* [ASSIGNMENT] If a line in the entries contains the word "Drill", list it.
◇ ◇ ◇ ◇
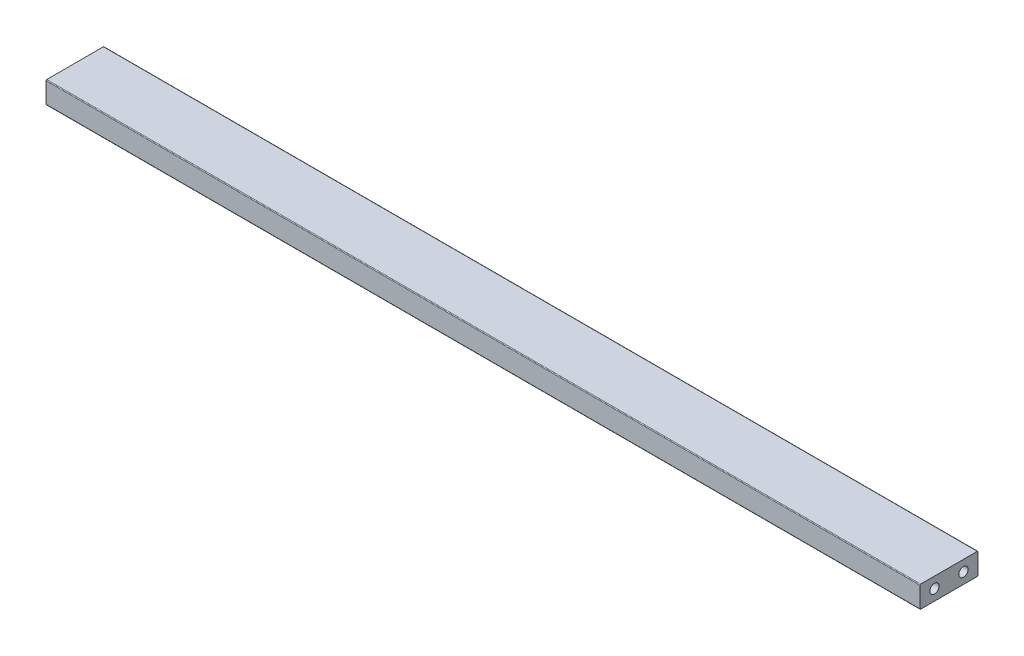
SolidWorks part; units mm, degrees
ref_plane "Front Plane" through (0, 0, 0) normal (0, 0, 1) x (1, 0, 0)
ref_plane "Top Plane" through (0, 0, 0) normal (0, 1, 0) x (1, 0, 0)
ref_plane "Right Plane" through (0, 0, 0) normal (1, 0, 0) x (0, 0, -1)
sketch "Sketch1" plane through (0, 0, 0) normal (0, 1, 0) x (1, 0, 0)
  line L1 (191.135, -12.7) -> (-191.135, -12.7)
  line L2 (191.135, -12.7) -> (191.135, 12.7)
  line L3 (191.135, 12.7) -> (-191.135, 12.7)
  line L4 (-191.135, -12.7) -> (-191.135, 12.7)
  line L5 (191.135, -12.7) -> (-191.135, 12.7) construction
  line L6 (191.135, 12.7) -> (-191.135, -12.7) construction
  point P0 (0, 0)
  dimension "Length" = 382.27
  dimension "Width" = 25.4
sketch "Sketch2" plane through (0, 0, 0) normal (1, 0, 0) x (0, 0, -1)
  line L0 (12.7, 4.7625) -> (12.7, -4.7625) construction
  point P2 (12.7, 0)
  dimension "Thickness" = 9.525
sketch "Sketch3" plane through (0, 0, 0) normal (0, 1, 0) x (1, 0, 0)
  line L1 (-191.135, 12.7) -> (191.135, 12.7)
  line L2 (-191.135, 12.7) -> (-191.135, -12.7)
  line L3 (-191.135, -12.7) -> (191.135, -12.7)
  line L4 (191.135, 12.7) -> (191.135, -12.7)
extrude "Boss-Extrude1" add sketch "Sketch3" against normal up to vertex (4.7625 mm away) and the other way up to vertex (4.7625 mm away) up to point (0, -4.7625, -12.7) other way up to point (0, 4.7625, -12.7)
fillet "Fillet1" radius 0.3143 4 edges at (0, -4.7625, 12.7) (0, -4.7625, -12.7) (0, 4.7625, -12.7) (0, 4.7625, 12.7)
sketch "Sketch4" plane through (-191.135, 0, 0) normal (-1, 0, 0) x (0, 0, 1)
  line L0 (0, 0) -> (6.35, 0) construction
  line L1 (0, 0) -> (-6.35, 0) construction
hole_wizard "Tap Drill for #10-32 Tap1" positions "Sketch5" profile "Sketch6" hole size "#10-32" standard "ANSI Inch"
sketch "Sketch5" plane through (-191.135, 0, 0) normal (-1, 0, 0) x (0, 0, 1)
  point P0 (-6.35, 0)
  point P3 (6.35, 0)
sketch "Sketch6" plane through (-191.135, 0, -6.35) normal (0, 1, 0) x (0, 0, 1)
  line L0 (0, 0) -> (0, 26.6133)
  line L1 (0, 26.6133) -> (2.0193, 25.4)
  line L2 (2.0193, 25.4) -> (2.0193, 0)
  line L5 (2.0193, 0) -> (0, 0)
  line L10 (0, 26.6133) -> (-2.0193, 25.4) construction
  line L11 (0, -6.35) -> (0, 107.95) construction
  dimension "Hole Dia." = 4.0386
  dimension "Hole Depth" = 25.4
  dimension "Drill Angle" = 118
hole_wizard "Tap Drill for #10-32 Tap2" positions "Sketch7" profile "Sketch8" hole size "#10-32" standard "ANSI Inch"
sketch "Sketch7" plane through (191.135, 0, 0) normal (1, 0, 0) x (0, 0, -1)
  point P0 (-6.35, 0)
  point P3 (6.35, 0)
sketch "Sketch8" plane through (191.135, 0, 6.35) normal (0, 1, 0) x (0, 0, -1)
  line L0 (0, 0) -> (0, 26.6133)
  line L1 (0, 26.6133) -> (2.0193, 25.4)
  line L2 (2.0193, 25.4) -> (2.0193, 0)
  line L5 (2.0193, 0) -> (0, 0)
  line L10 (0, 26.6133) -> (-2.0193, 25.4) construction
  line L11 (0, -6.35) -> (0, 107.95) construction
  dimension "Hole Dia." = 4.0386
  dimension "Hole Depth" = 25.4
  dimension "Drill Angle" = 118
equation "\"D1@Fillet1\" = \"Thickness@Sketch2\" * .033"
◇ ◇ ◇ ◇
* [COMPLETED EXERCISE]
hole_wizard "Tap Drill for #10-32 Tap1" positions "Sketch5" profile "Sketch6" hole size "#10-32" standard "ANSI Inch"
  dimension "Drill Angle" = 118
hole_wizard "Tap Drill for #10-32 Tap2" positions "Sketch7" profile "Sketch8" hole size "#10-32" standard "ANSI Inch"
  dimension "Drill Angle" = 118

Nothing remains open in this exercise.